理子先輩が音頭を取ることになり、通訳は私が引き受けた。
営業からも人が来て、動画を取る体制。
「一口ずつ、食べて感想を言って貰います。一口の対価が感想です。良いですね?」
「人族が、何故我らを助けようとする? 同情か?」
「いいえ? 私達は料理人なのですが、上司の舌が肥えすぎてて食事を食べてもらえなくて困っているの。明日、上司が食事を拒否したら大変な事になるのよ。

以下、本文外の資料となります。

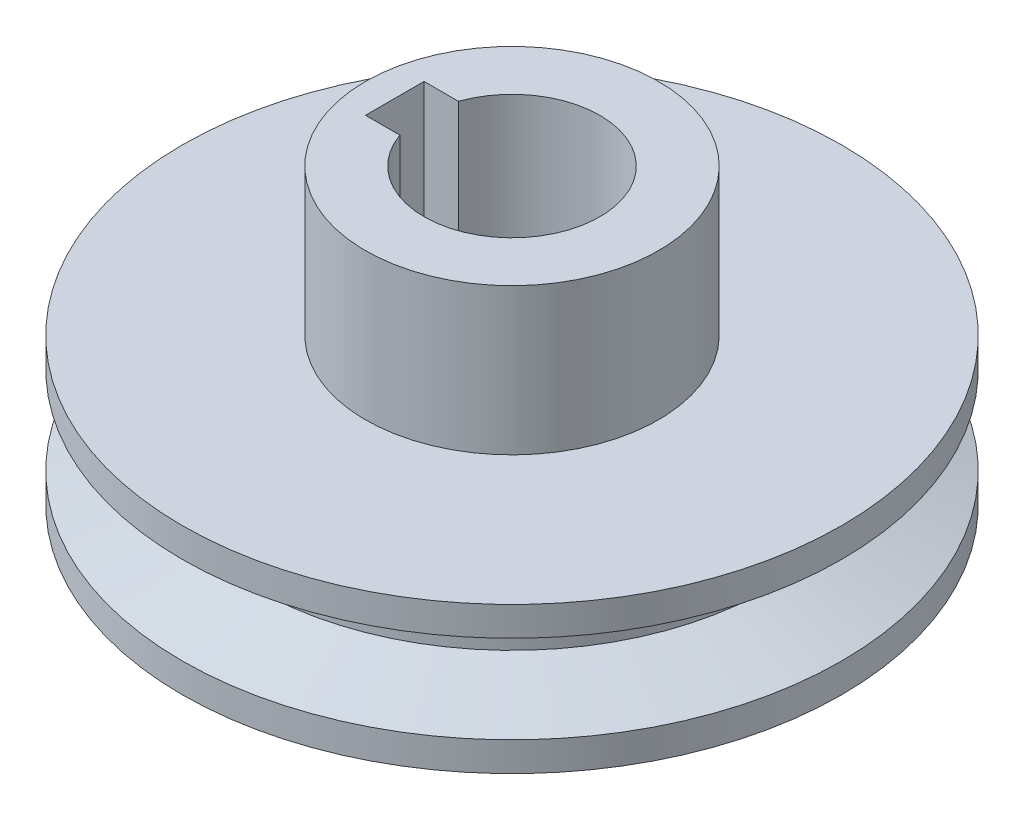
from build123d import *

# Parameters (mm, degrees)
SKETCH2_R          = 12
CUT_EXTRUDE1_DEPTH = 91.450262576
SKETCH3_W          = 16
SKETCH3_H          = 8
CUT_EXTRUDE2_DEPTH = 91.450262576


with BuildPart() as part:
    # Sketch1 → Revolve1 (revolve)
    with BuildSketch(Plane.XY):
        Polygon((-12.5, 2.5), (-12.5, -2.5), (-22.5, -6), (-22.5, -10), (22.5, -10), (22.5, 10), (22.5, 30), (2.5, 30), (2.5, 10), (-22.5, 10), (-22.5, 6), align=None)
    revolve(axis=Axis((22.5, 43.956272641, 0), (0, -1, 0)))

    # Sketch2 → Cut-Extrude1 (cut, through all)
    with BuildSketch(Plane(origin=(0, 30, 0), x_dir=(1, 0, 0), z_dir=(0, 1, 0))):
        with Locations(Location((22.5, 0, 0), (0, 0, 180))):
            Circle(SKETCH2_R)
    extrude(amount=-CUT_EXTRUDE1_DEPTH, mode=Mode.SUBTRACT)

    # Sketch3 → Cut-Extrude2 (cut, through all)
    with BuildSketch(Plane(origin=(0, 30, 0), x_dir=(1, 0, 0), z_dir=(0, 1, 0))):
        with Locations((14.5, 0)):
            Rectangle(SKETCH3_W, SKETCH3_H)
    extrude(amount=-CUT_EXTRUDE2_DEPTH, mode=Mode.SUBTRACT)


solid = part.part
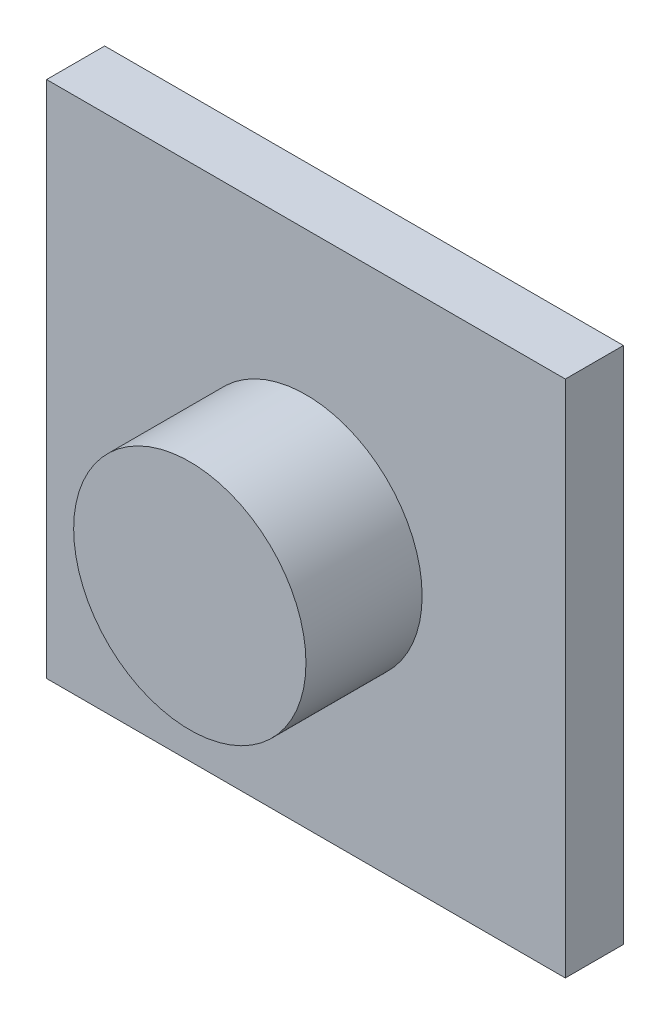
from build123d import *

# Parameters (mm, degrees)
SKETCH1_R           = 100
BOSS_EXTRUDE1_DEPTH = 100
SKETCH2_W           = 446.6
SKETCH2_H           = 446.6
BOSS_EXTRUDE2_DEPTH = 50


with BuildPart() as part:
    # Sketch1 → Boss-Extrude1 (new body)
    with BuildSketch(Plane.XY):
        Circle(SKETCH1_R)
    extrude(amount=BOSS_EXTRUDE1_DEPTH)

    # Sketch2 → Boss-Extrude2 (add)
    with BuildSketch(Plane(origin=(0, 0, 0), x_dir=(-1, 0, 0), z_dir=(0, 0, -1))):
        Rectangle(SKETCH2_W, SKETCH2_H)
    extrude(amount=BOSS_EXTRUDE2_DEPTH)


solid = part.part

だから、協力してほしいの」
「上司?」
私は宝物を掲げるように、リップちゃんを掲げた。
「はぁ!?」
「犬の味覚を持ち、人語を喋れるあなた達にしか頼れない! どうかお願い!」
「この、この、うおおおおおおおおおおおおお!!! 王侯貴族がぁぁぁぁ!!!」
「落ち着け、ガウル! じ、事情は分かった。お前ら、王侯貴族のペットの世話係か? ペットに料理人がついているのか? 人間の世界も大変なのだな……。分かった。協力してやろうではないか」
色々誤解はあったようだが、とにかく試食会は始まった。
一口ずつでも、試食品は大量にある。お腹いっぱい食べられるはずだ。
先輩達は、もちろん体調なども考慮し、感想を聞きながら一口ずつご馳走していった。動画なども撮らせてもらった所、搾取と判定されたので、慌てて大量のペットフードの試供品をプレゼントしたのだった。加減が難しいのである。
そして、翌日の夕方。
そこには、ガツガツとドックフードを食らうリップちゃん様が!!
「おお! リップちゃんがこんなに食いつくとは!! 1から五班で一つしか出してこなかった時はびっくりしたが、これを商品化しよう!」
「やったー!」
「やりましたね!」
「やってやりましたよ!」
1ヶ月後。
コボルトご飯シリーズの発売と共に、動画が公開された。